Dataset items:

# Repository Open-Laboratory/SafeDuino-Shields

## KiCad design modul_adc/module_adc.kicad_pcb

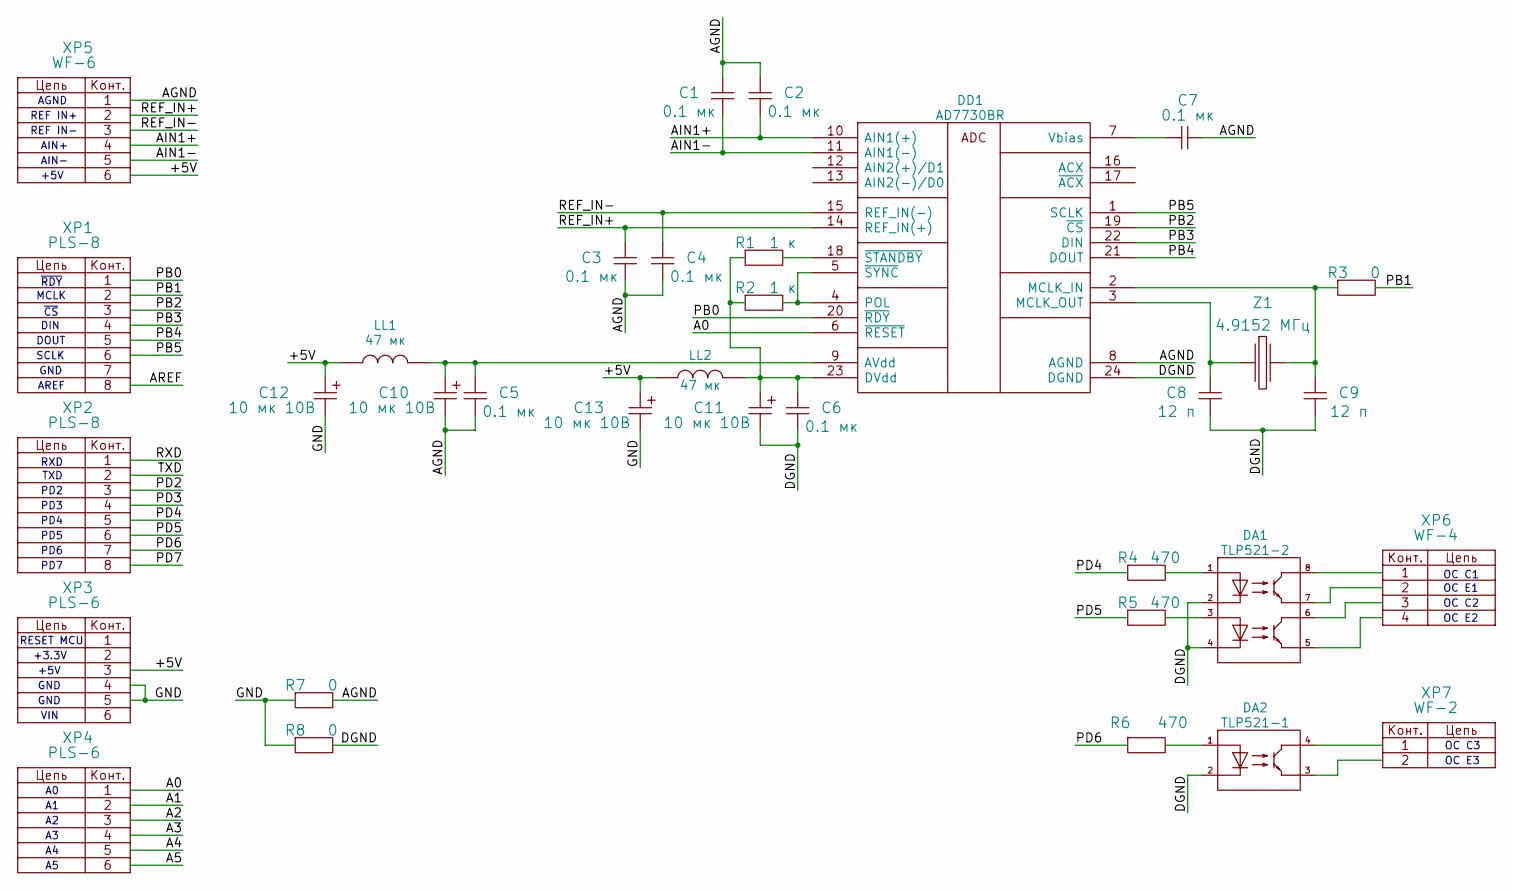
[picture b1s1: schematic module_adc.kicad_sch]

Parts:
C1, C2, C3, C4, C5, C6, C7: 0.1 мк; SMD0805
C8, C9: 12 п; SMD0805
C10, C11, C12, C13: 10 мк 10В; CASE_B
DA1: TLP521-2; DIP_8
DA2: TLP521-1; DIP_4
DD1: AD7730BR; SOIC_24
LL1, LL2: 47 мк; SMD0805
R1, R2: 1 к; SMD0805
R3, R7, R8: 0; SMD0805
R4, R5, R6: 470; SMD0805
XP1, XP2: PLS-8; PIN_ARRAY_8x1
XP3, XP4: PLS-6; PIN_ARRAY_6x1
XP5: WF-6
XP6: WF-4
XP7: WF-2
Z1: 4.9152 МГц; HC-49U

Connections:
/+5V: C12.1, C13.1, LL1.2, LL2.2, XP3.3, XP5.6
/A0: DD1.6 (~RESET), XP4.1
/A1: XP4.2
/A2: XP4.3
/A3: XP4.4
/A4: XP4.5
/A5: XP4.6
/AGND: C1.1, C2.1, C3.2, C4.2, C5.2, C7.1, C10.2, DD1.8 (AGND), R7.2, XP5.1
/AIN1+: C2.2, DD1.10 (AIN1(+)), XP5.4
/AIN1-: C1.2, DD1.11 (AIN1(-)), XP5.5
/AREF: XP1.8
/DGND: C6.2, C8.2, C9.2, C11.2, DA1.2, DA1.4, DA2.2, DD1.24 (DGND), R8.2
/GND: C12.2, C13.2, R7.1, R8.1, XP3.4, XP3.5
/PB0: DD1.20 (~RDY), XP1.1
/PB1: R3.2, XP1.2
/PB2: DD1.19 (~CS), XP1.3
/PB3: DD1.22 (DIN), XP1.4
/PB4: DD1.21 (DOUT), XP1.5
/PB5: DD1.1 (SCLK), XP1.6
/PD2: XP2.3
/PD3: XP2.4
/PD4: R4.1, XP2.5
/PD5: R5.1, XP2.6
/PD6: R6.1, XP2.7
/PD7: XP2.8
/REF_IN+: C3.1, DD1.14 (REF_IN(+)), XP5.2
/REF_IN-: C4.1, DD1.15 (REF_IN(-)), XP5.3
/RXD: XP2.1
/TXD: XP2.2
unnamed: DA1.1, R4.2
unnamed: DA1.3, R5.2
unnamed: DA1.5, XP6.4
unnamed: DA1.6, XP6.3
unnamed: DA1.7, XP6.2
unnamed: DA1.8, XP6.1
unnamed: DA2.1, R6.2
unnamed: DA2.3, XP7.2
unnamed: DA2.4, XP7.1
unnamed: C5.1, C10.1, DD1.9 (AVdd), LL1.1
unnamed: C6.1, C11.1, DD1.23 (DVdd), LL2.1, R1.1, R2.1
unnamed: C9.1, DD1.2 (MCLK_IN), R3.1, Z1.2
unnamed: C8.1, DD1.3 (MCLK_OUT), Z1.1
unnamed: DD1.4 (POL), DD1.5 (~SYNC), R2.2
unnamed: C7.2, DD1.7 (Vbias)
unnamed: DD1.18 (~STANDBY), R1.2

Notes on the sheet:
RESET MCU
PD7
PD4
+5V
OC E2
MCLK
OC C3
RXD
REF IN-
TXD
PD6
PD2
OC E1
AGND
VIN
GND
OC C1
AREF
~{CS}
OC E3
AIN-
OC C2
DOUT
AIN+
DIN
PD3
~{RDY}
PD5
+3.3V
REF IN+
SCLK

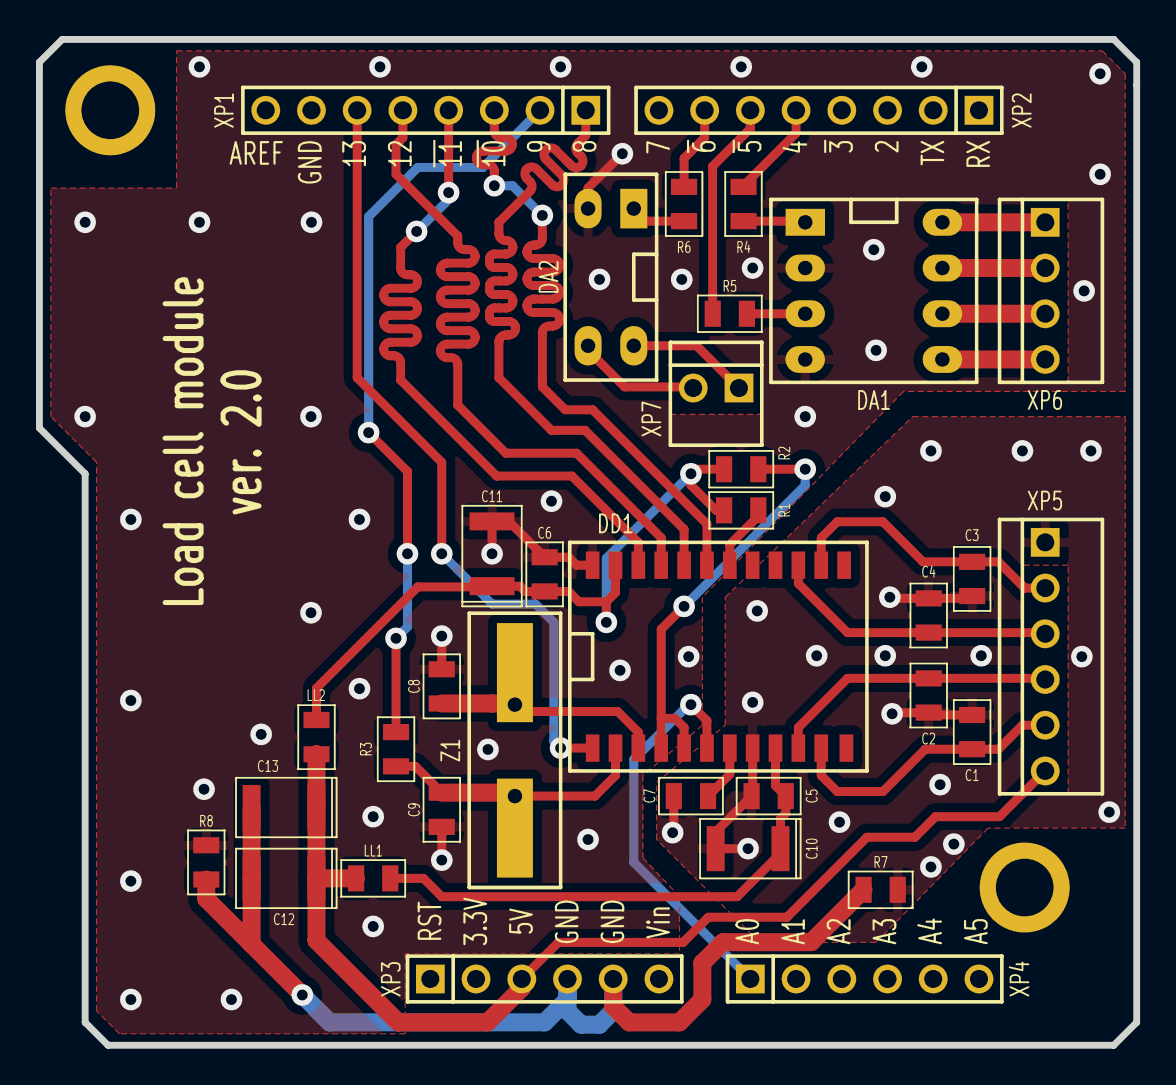
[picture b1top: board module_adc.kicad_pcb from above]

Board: 2 copper layers, 61.0 x 55.9 mm, 36 parts (0 on the bottom side), 34 nets.

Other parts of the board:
1_PIN_3_2mm_1, 1_PIN_3_2mm_2: P***; 1_pin_3_2mm

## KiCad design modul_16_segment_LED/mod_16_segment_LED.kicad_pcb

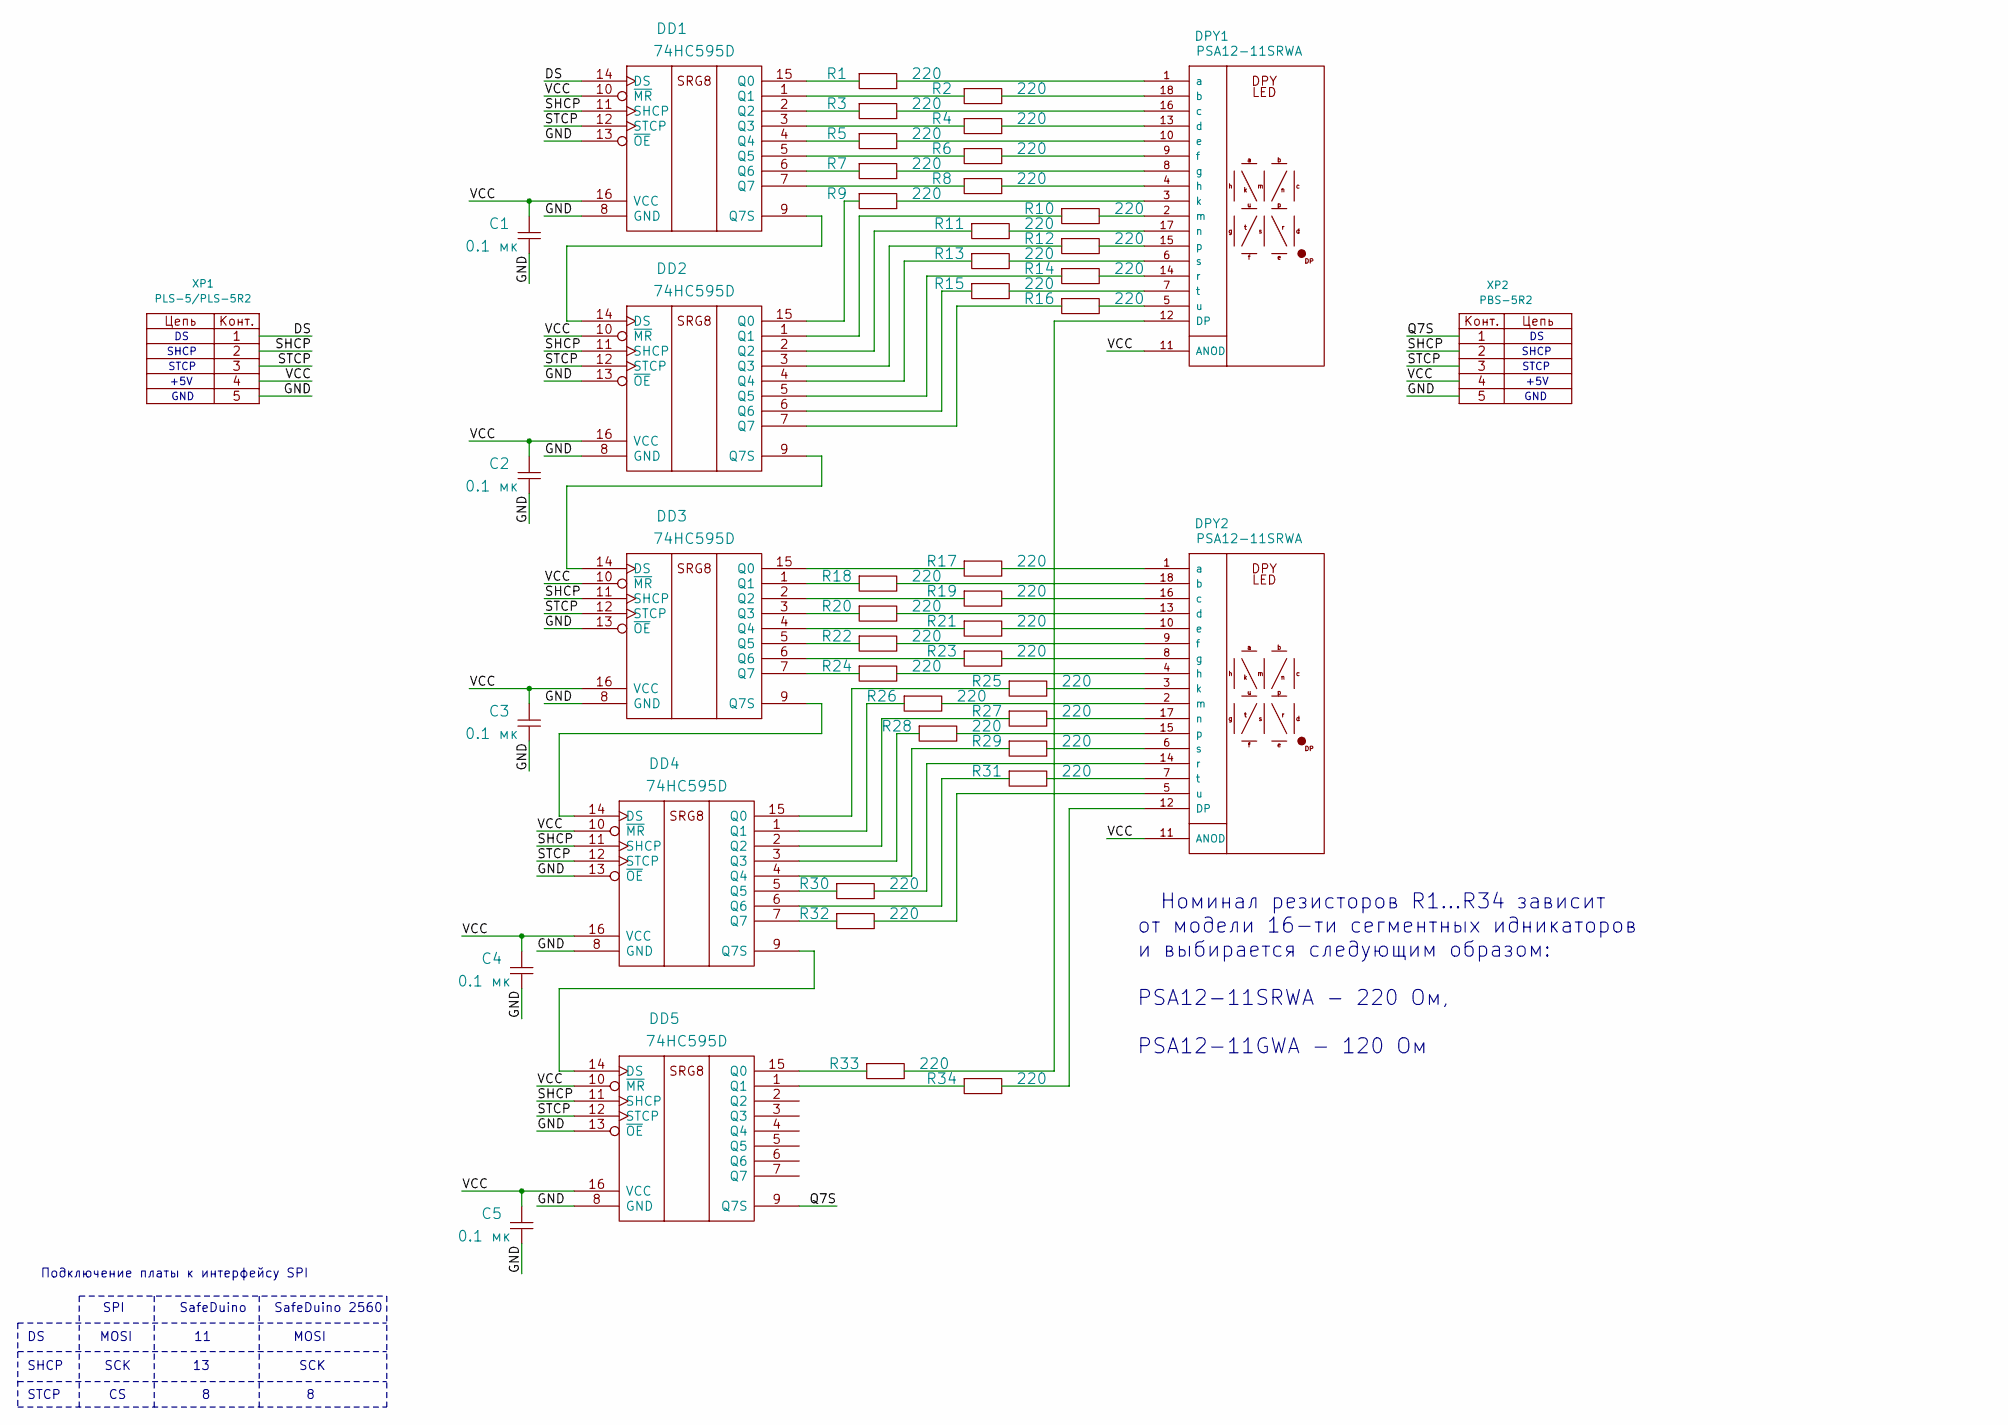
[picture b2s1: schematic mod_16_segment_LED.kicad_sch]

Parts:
C1, C2, C3, C4, C5: 0.1 мк; SMD0805
DD1, DD2, DD3, DD4, DD5: 74HC595D; SOIC16
DPY1, DPY2: PSA12-11SRWA; PSA12-11
R1, R2, R3, R4, R5, R6, R7, R8, R9, R10, R11, R12, R13, R14, R15, R16, R17, R18, R19, R20, R21, R22, R23, R24, R25, R26, R27, R28, R29, R30, R31, R32, R33, R34: 220; SMD0805
XP1: PLS-5/PLS-5R2; PIN_ARRAY_5x1
XP2: PBS-5R2; PIN_ARRAY_5x1

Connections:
/DS: DD1.14 (DS), XP1.1
/GND: C1.1, C2.1, C3.1, C4.1, C5.1, DD1.8 (GND), DD1.13 (~OE), DD2.8 (GND), DD2.13 (~OE), DD3.8 (GND), DD3.13 (~OE), DD4.8 (GND), DD4.13 (~OE), DD5.8 (GND), DD5.13 (~OE), XP1.5, XP2.5
/Q7S: DD5.9 (Q7S), XP2.1
/SHCP: DD1.11 (SHCP), DD2.11 (SHCP), DD3.11 (SHCP), DD4.11 (SHCP), DD5.11 (SHCP), XP1.2, XP2.2
/STCP: DD1.12 (STCP), DD2.12 (STCP), DD3.12 (STCP), DD4.12 (STCP), DD5.12 (STCP), XP1.3, XP2.3
/VCC: C1.2, C2.2, C3.2, C4.2, C5.2, DD1.10 (~MR), DD1.16 (VCC), DD2.10 (~MR), DD2.16 (VCC), DD3.10 (~MR), DD3.16 (VCC), DD4.10 (~MR), DD4.16 (VCC), DD5.10 (~MR), DD5.16 (VCC), DPY1.11 (ANOD), DPY2.11 (ANOD), XP1.4, XP2.4
unnamed: DD1.15 (Q0), R1.1
unnamed: DD1.1 (Q1), R2.1
unnamed: DD1.2 (Q2), R3.1
unnamed: DD1.3 (Q3), R4.1
unnamed: DD1.4 (Q4), R5.1
unnamed: DD1.5 (Q5), R6.1
unnamed: DD1.6 (Q6), R7.1
unnamed: DD1.7 (Q7), R8.1
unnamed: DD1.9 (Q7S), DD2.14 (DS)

Work order » When you print the records above, keep them exact and leave out the pictures.

Task result »
# Repository Open-Laboratory/SafeDuino-Shields

## KiCad design modul_adc/module_adc.kicad_pcb

[picture b1s1: schematic module_adc.kicad_sch]

Parts:
C1, C2, C3, C4, C5, C6, C7: 0.1 мк; SMD0805
C8, C9: 12 п; SMD0805
C10, C11, C12, C13: 10 мк 10В; CASE_B
DA1: TLP521-2; DIP_8
DA2: TLP521-1; DIP_4
DD1: AD7730BR; SOIC_24
LL1, LL2: 47 мк; SMD0805
R1, R2: 1 к; SMD0805
R3, R7, R8: 0; SMD0805
R4, R5, R6: 470; SMD0805
XP1, XP2: PLS-8; PIN_ARRAY_8x1
XP3, XP4: PLS-6; PIN_ARRAY_6x1
XP5: WF-6
XP6: WF-4
XP7: WF-2
Z1: 4.9152 МГц; HC-49U

Connections:
/+5V: C12.1, C13.1, LL1.2, LL2.2, XP3.3, XP5.6
/A0: DD1.6 (~RESET), XP4.1
/A1: XP4.2
/A2: XP4.3
/A3: XP4.4
/A4: XP4.5
/A5: XP4.6
/AGND: C1.1, C2.1, C3.2, C4.2, C5.2, C7.1, C10.2, DD1.8 (AGND), R7.2, XP5.1
/AIN1+: C2.2, DD1.10 (AIN1(+)), XP5.4
/AIN1-: C1.2, DD1.11 (AIN1(-)), XP5.5
/AREF: XP1.8
/DGND: C6.2, C8.2, C9.2, C11.2, DA1.2, DA1.4, DA2.2, DD1.24 (DGND), R8.2
/GND: C12.2, C13.2, R7.1, R8.1, XP3.4, XP3.5
/PB0: DD1.20 (~RDY), XP1.1
/PB1: R3.2, XP1.2
/PB2: DD1.19 (~CS), XP1.3
/PB3: DD1.22 (DIN), XP1.4
/PB4: DD1.21 (DOUT), XP1.5
/PB5: DD1.1 (SCLK), XP1.6
/PD2: XP2.3
/PD3: XP2.4
/PD4: R4.1, XP2.5
/PD5: R5.1, XP2.6
/PD6: R6.1, XP2.7
/PD7: XP2.8
/REF_IN+: C3.1, DD1.14 (REF_IN(+)), XP5.2
/REF_IN-: C4.1, DD1.15 (REF_IN(-)), XP5.3
/RXD: XP2.1
/TXD: XP2.2
unnamed: DA1.1, R4.2
unnamed: DA1.3, R5.2
unnamed: DA1.5, XP6.4
unnamed: DA1.6, XP6.3
unnamed: DA1.7, XP6.2
unnamed: DA1.8, XP6.1
unnamed: DA2.1, R6.2
unnamed: DA2.3, XP7.2
unnamed: DA2.4, XP7.1
unnamed: C5.1, C10.1, DD1.9 (AVdd), LL1.1
unnamed: C6.1, C11.1, DD1.23 (DVdd), LL2.1, R1.1, R2.1
unnamed: C9.1, DD1.2 (MCLK_IN), R3.1, Z1.2
unnamed: C8.1, DD1.3 (MCLK_OUT), Z1.1
unnamed: DD1.4 (POL), DD1.5 (~SYNC), R2.2
unnamed: C7.2, DD1.7 (Vbias)
unnamed: DD1.18 (~STANDBY), R1.2

Notes on the sheet:
RESET MCU
PD7
PD4
+5V
OC E2
MCLK
OC C3
RXD
REF IN-
TXD
PD6
PD2
OC E1
AGND
VIN
GND
OC C1
AREF
~{CS}
OC E3
AIN-
OC C2
DOUT
AIN+
DIN
PD3
~{RDY}
PD5
+3.3V
REF IN+
SCLK

[picture b1top: board module_adc.kicad_pcb from above]

Board: 2 copper layers, 61.0 x 55.9 mm, 36 parts (0 on the bottom side), 34 nets.

Other parts of the board:
1_PIN_3_2mm_1, 1_PIN_3_2mm_2: P***; 1_pin_3_2mm

## KiCad design modul_16_segment_LED/mod_16_segment_LED.kicad_pcb

[picture b2s1: schematic mod_16_segment_LED.kicad_sch]

Parts:
C1, C2, C3, C4, C5: 0.1 мк; SMD0805
DD1, DD2, DD3, DD4, DD5: 74HC595D; SOIC16
DPY1, DPY2: PSA12-11SRWA; PSA12-11
R1, R2, R3, R4, R5, R6, R7, R8, R9, R10, R11, R12, R13, R14, R15, R16, R17, R18, R19, R20, R21, R22, R23, R24, R25, R26, R27, R28, R29, R30, R31, R32, R33, R34: 220; SMD0805
XP1: PLS-5/PLS-5R2; PIN_ARRAY_5x1
XP2: PBS-5R2; PIN_ARRAY_5x1

Connections:
/DS: DD1.14 (DS), XP1.1
/GND: C1.1, C2.1, C3.1, C4.1, C5.1, DD1.8 (GND), DD1.13 (~OE), DD2.8 (GND), DD2.13 (~OE), DD3.8 (GND), DD3.13 (~OE), DD4.8 (GND), DD4.13 (~OE), DD5.8 (GND), DD5.13 (~OE), XP1.5, XP2.5
/Q7S: DD5.9 (Q7S), XP2.1
/SHCP: DD1.11 (SHCP), DD2.11 (SHCP), DD3.11 (SHCP), DD4.11 (SHCP), DD5.11 (SHCP), XP1.2, XP2.2
/STCP: DD1.12 (STCP), DD2.12 (STCP), DD3.12 (STCP), DD4.12 (STCP), DD5.12 (STCP), XP1.3, XP2.3
/VCC: C1.2, C2.2, C3.2, C4.2, C5.2, DD1.10 (~MR), DD1.16 (VCC), DD2.10 (~MR), DD2.16 (VCC), DD3.10 (~MR), DD3.16 (VCC), DD4.10 (~MR), DD4.16 (VCC), DD5.10 (~MR), DD5.16 (VCC), DPY1.11 (ANOD), DPY2.11 (ANOD), XP1.4, XP2.4
unnamed: DD1.15 (Q0), R1.1
unnamed: DD1.1 (Q1), R2.1
unnamed: DD1.2 (Q2), R3.1
unnamed: DD1.3 (Q3), R4.1
unnamed: DD1.4 (Q4), R5.1
unnamed: DD1.5 (Q5), R6.1
unnamed: DD1.6 (Q6), R7.1
unnamed: DD1.7 (Q7), R8.1
unnamed: DD1.9 (Q7S), DD2.14 (DS)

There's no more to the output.